Mysłowice nie przyjmą do żłobka dzieci bez szczepień
Kolejne miasto dołącza do grona tych, które nie będą przyjmować do żłobków dzieci bez szczepień. Podczas sesji Rady Miasta radni z Mysłowic jednogłośnie zadecydowali, że rodzice dzieci, które będą miały trafić do żłobka, będą musieli przedstawić oświadczenie o przyjęciu szczepień.
Świętość zrównana z rynsztokiem w Katowicach! TOP 5 Silesia Flesz
Taki wniosek złożyła radna Marta Górna, która podczas sesji powołała się na dane katowickiego sanepidu. A z nich wynika, że w Mysłowicach coraz więcej rodziców uchyla się od obowiązku szczepień. W roku 2015 niezaszczepionych z tego powodu dzieci w naszym mieście było 20, w 2016 – 34, w 2017 – 53, a w 2018 już 68.
Podobną uchwałę podjęła już między innymi rada w Sosnowcu.

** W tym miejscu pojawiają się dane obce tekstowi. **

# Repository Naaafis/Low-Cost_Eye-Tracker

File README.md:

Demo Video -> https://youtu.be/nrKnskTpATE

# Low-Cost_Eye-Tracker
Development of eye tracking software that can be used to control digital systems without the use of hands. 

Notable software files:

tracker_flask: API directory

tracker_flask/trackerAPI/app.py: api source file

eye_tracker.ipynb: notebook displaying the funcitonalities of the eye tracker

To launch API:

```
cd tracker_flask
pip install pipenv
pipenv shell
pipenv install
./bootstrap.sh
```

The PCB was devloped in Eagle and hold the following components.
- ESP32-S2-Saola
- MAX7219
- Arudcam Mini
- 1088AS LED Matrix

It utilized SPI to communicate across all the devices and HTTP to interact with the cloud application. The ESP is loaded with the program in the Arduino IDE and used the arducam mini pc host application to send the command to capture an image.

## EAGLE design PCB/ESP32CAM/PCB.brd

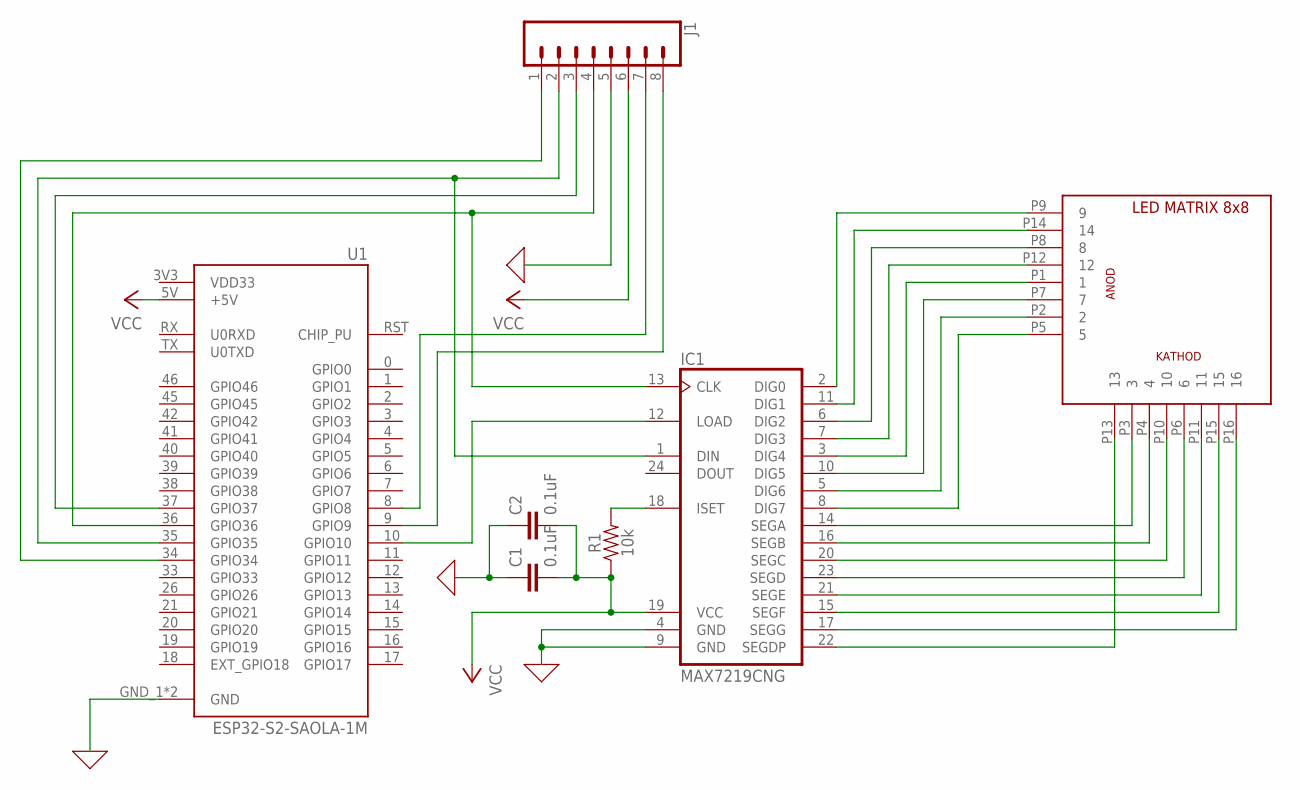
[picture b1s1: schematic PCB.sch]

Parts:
C1, C2: 0.1uF; CAP-PTH-SMALL-KIT
IC1: MAX7219CNG; DIL24-3
J1: CONN_08"; 1X08
R1: 10k; AXIAL-0.3
U1: ESP32-S2-SAOLA-1M; MODULE_ESP32-S2-SAOLA-1M
U$2: LEDMAT8X8THROUGH_HOLE; LEDMAT8X8

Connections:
0: C1.1, C2.1, IC1.4 (GND), IC1.9 (GND), J1.5, U1.GND_1 (GND), U1.GND_2 (GND)
unnamed: J1.1, U1.34 (GPIO34)
unnamed: IC1.1 (DIN), J1.2, U1.35 (GPIO35)
unnamed: J1.3, U1.37 (GPIO37)
unnamed: IC1.13 (CLK), J1.4, U1.36 (GPIO36)
unnamed: J1.7, U1.8 (GPIO8)
unnamed: IC1.2 (DIG0), U$2.P9 (9)
unnamed: IC1.11 (DIG1), U$2.P14 (14)
unnamed: IC1.6 (DIG2), U$2.P8 (8)
unnamed: IC1.7 (DIG3), U$2.P12 (12)
unnamed: IC1.3 (DIG4), U$2.P1 (1)
unnamed: IC1.10 (DIG5), U$2.P7 (7)
unnamed: IC1.5 (DIG6), U$2.P2 (2)
unnamed: IC1.8 (DIG7), U$2.P5 (5)
unnamed: IC1.22 (SEGDP), U$2.P13 (13)
unnamed: IC1.14 (SEGA), U$2.P3 (3)
unnamed: IC1.16 (SEGB), U$2.P4 (4)
unnamed: IC1.20 (SEGC), U$2.P10 (10)
unnamed: IC1.23 (SEGD), U$2.P6 (6)
unnamed: IC1.21 (SEGE), U$2.P11 (11)
unnamed: IC1.15 (SEGF), U$2.P15 (15)
unnamed: IC1.17 (SEGG), U$2.P16 (16)
unnamed: J1.8, U1.9 (GPIO9)
unnamed: IC1.18 (ISET), R1.P$2 (2)
unnamed: IC1.12 (LOAD), U1.10 (GPIO10)
VCC: C1.2, C2.2, IC1.19 (VCC), J1.6, R1.P$1 (1), U1.5V (+5V)
VDD33: U1.3V3 (VDD33)

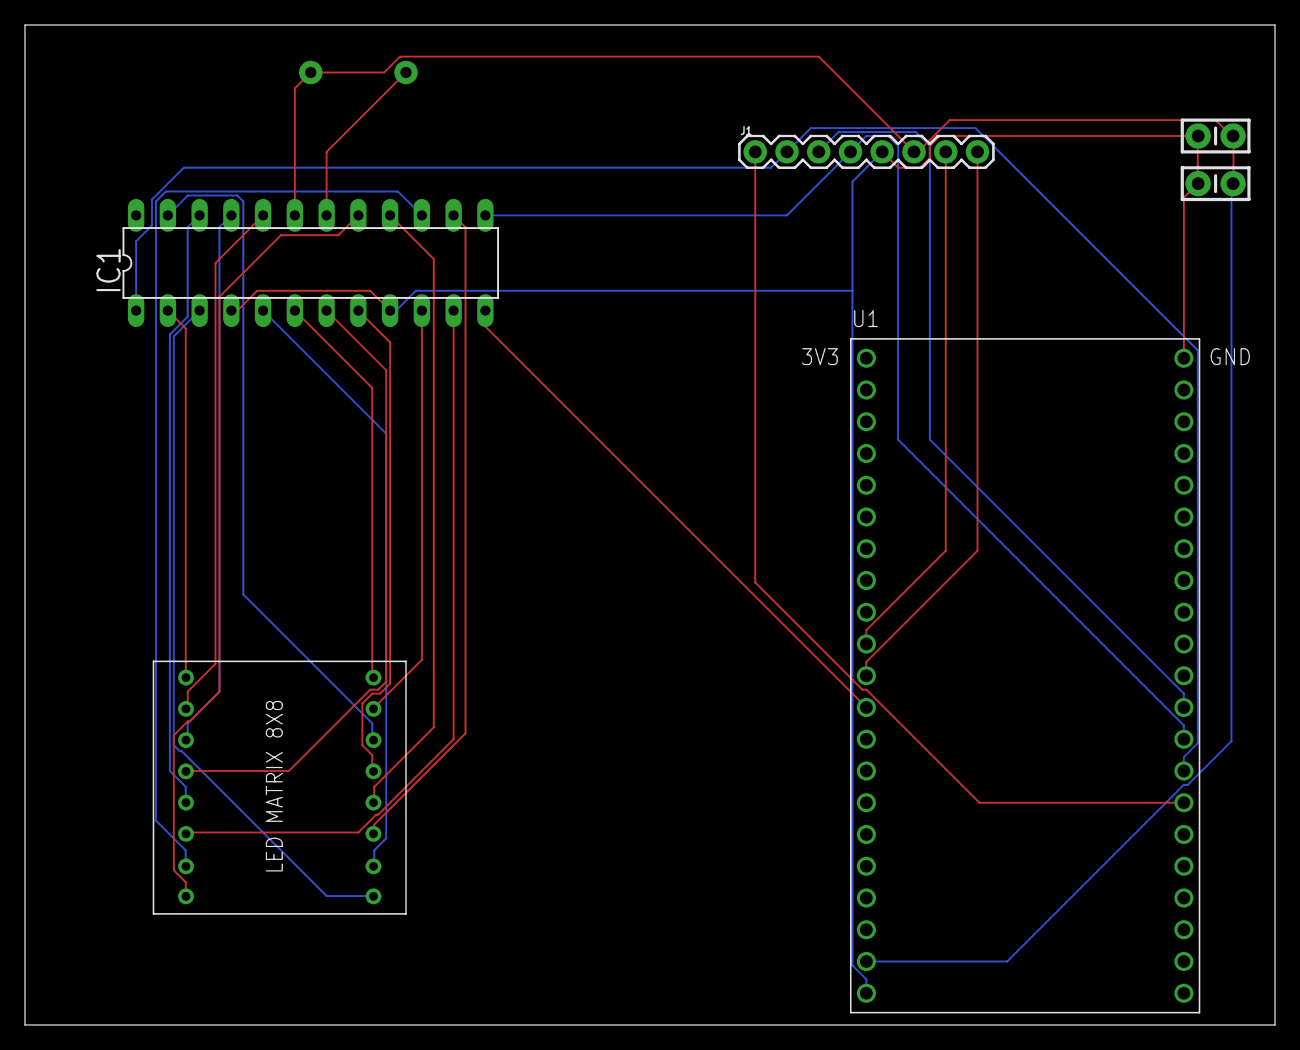
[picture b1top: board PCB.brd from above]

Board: 2 copper layers, 100.0 x 80.0 mm, 7 parts (1 on the bottom side), 26 nets.

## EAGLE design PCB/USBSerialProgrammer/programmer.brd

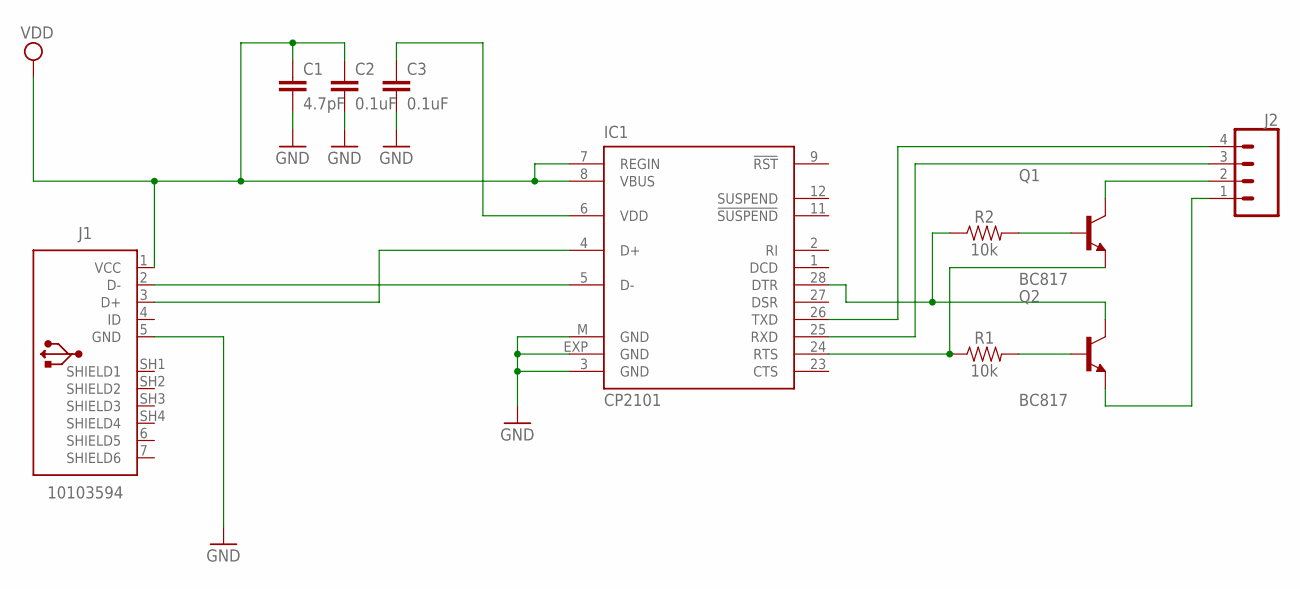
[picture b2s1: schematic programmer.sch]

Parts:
C1: 4.7pF; 0603
C2, C3: 0.1uF; 0402
IC1: CP2101; MLP28
J1: 10103594
J2: CONN_04; 1X04
Q1, Q2: BC817; SOT95P230X110-3N
R1, R2: 10k; AXIAL-0.3

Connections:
GND: C1.2, C2.2, C3.2, IC1.3 (GND), IC1.EXP (GND), IC1.M (GND), J1.5 (GND)
unnamed: IC1.5 (D-), J1.2 (D-)
unnamed: IC1.4 (D+), J1.3 (D+)
unnamed: IC1.25 (RXD), J2.3
unnamed: IC1.26 (TXD), J2.4
unnamed: C3.1, IC1.6 (VDD)
unnamed: J2.2, Q1.3 (C)
unnamed: IC1.28 (DTR), Q2.3 (C), R2.P$1 (1)
unnamed: J2.1, Q2.2 (E)
unnamed: IC1.24 (RTS), Q1.2 (E), R1.P$1 (1)
unnamed: Q2.1 (B), R1.P$2 (2)
unnamed: Q1.1 (B), R2.P$2 (2)
VDD: C1.1, C2.1, IC1.7 (REGIN), IC1.8 (VBUS), J1.1 (VCC)

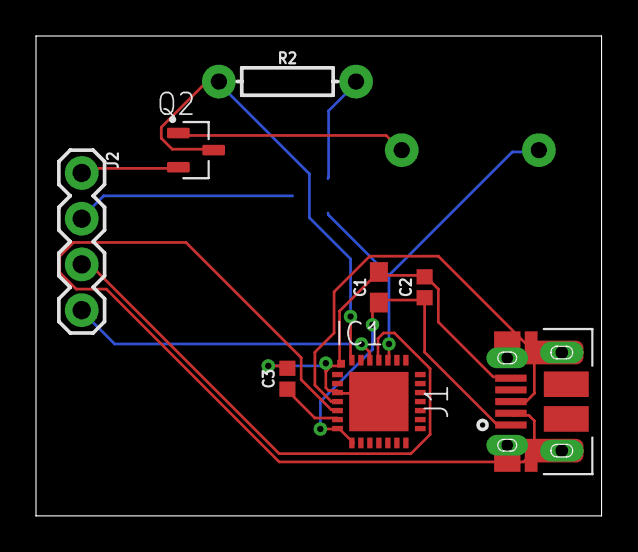
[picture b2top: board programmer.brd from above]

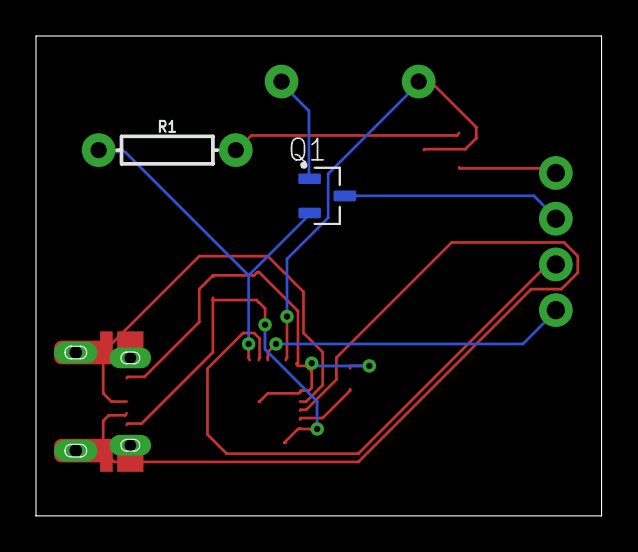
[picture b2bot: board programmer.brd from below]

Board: 2 copper layers, 31.4 x 26.7 mm, 10 parts (2 on the bottom side), 13 nets.

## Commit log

2023-03-10 initializations
2023-03-10 Updated report for easy commands view
2023-03-10 updated to .md file
2023-03-10 Rename week_1_log.txt to week_1_log.md
2023-03-10 Added all library installation commands
2023-03-24 week 2 logs
2023-03-24 added edited python file
2023-03-28 basic face and eye detection
2023-03-28 added source
2023-04-03 ESP Code and USB Programmer PCB
2023-04-11 displays
2023-04-12 isolate eyes
2023-04-12 blob detection
2023-04-12 attempting to get circles to show up on webcam images
2023-04-24 PCB Design
2023-04-24 updated PDF
2023-05-01 opencv_sol
2023-05-01 tested eye tracker function for left, right, center on base64encoded images from the ESP
2023-05-01 added simple flask app to display API funcitionality
2023-05-03 working API
2023-05-03 Final esp code

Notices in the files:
parts and their libraries:
SparkFun-Connectors: Licensing: Creative Commons ShareAlike 4.0 International - https://creativecommons.org/licenses/by-sa/4.0

-My nikogo nie wykluczamy. Takie oświadczenie przybliża dziecko do tego, że dostanie się do żłobka miejskiego (…) jeżeli będziemy mieli dwie rodziny Kowalskich i Nowaków, które to rodziny będą spełniały na tym samym poziomie kryteria przyjęcia do żłobka miejskiego, czyli na przykład rodzice pracują, jedno dziecko już do żłobka miejskiego uczęszcza, natomiast jedna rodzina takie zaświadczenie przedstawia, a druga nie – to jeżeli będzie tylko jedno miejsce w żłobku, to przyjęte zostanie dziecko, które jest zaszczepione i którego rodzice takie zaświadczenie przedstawili – wyjaśnia procedurę Rafał Łysy, rzecznik prasowy UM Sosnowiec.
Ma to na celu zminimalizowanie prawdopodobieństwa wystąpienia na terenie miasta ognisk chorób zakaźnych. Chociaż jak podkreślają przedstawiciele sosnowieckiego sanepidu, sytuacja w mieście jest stabilna.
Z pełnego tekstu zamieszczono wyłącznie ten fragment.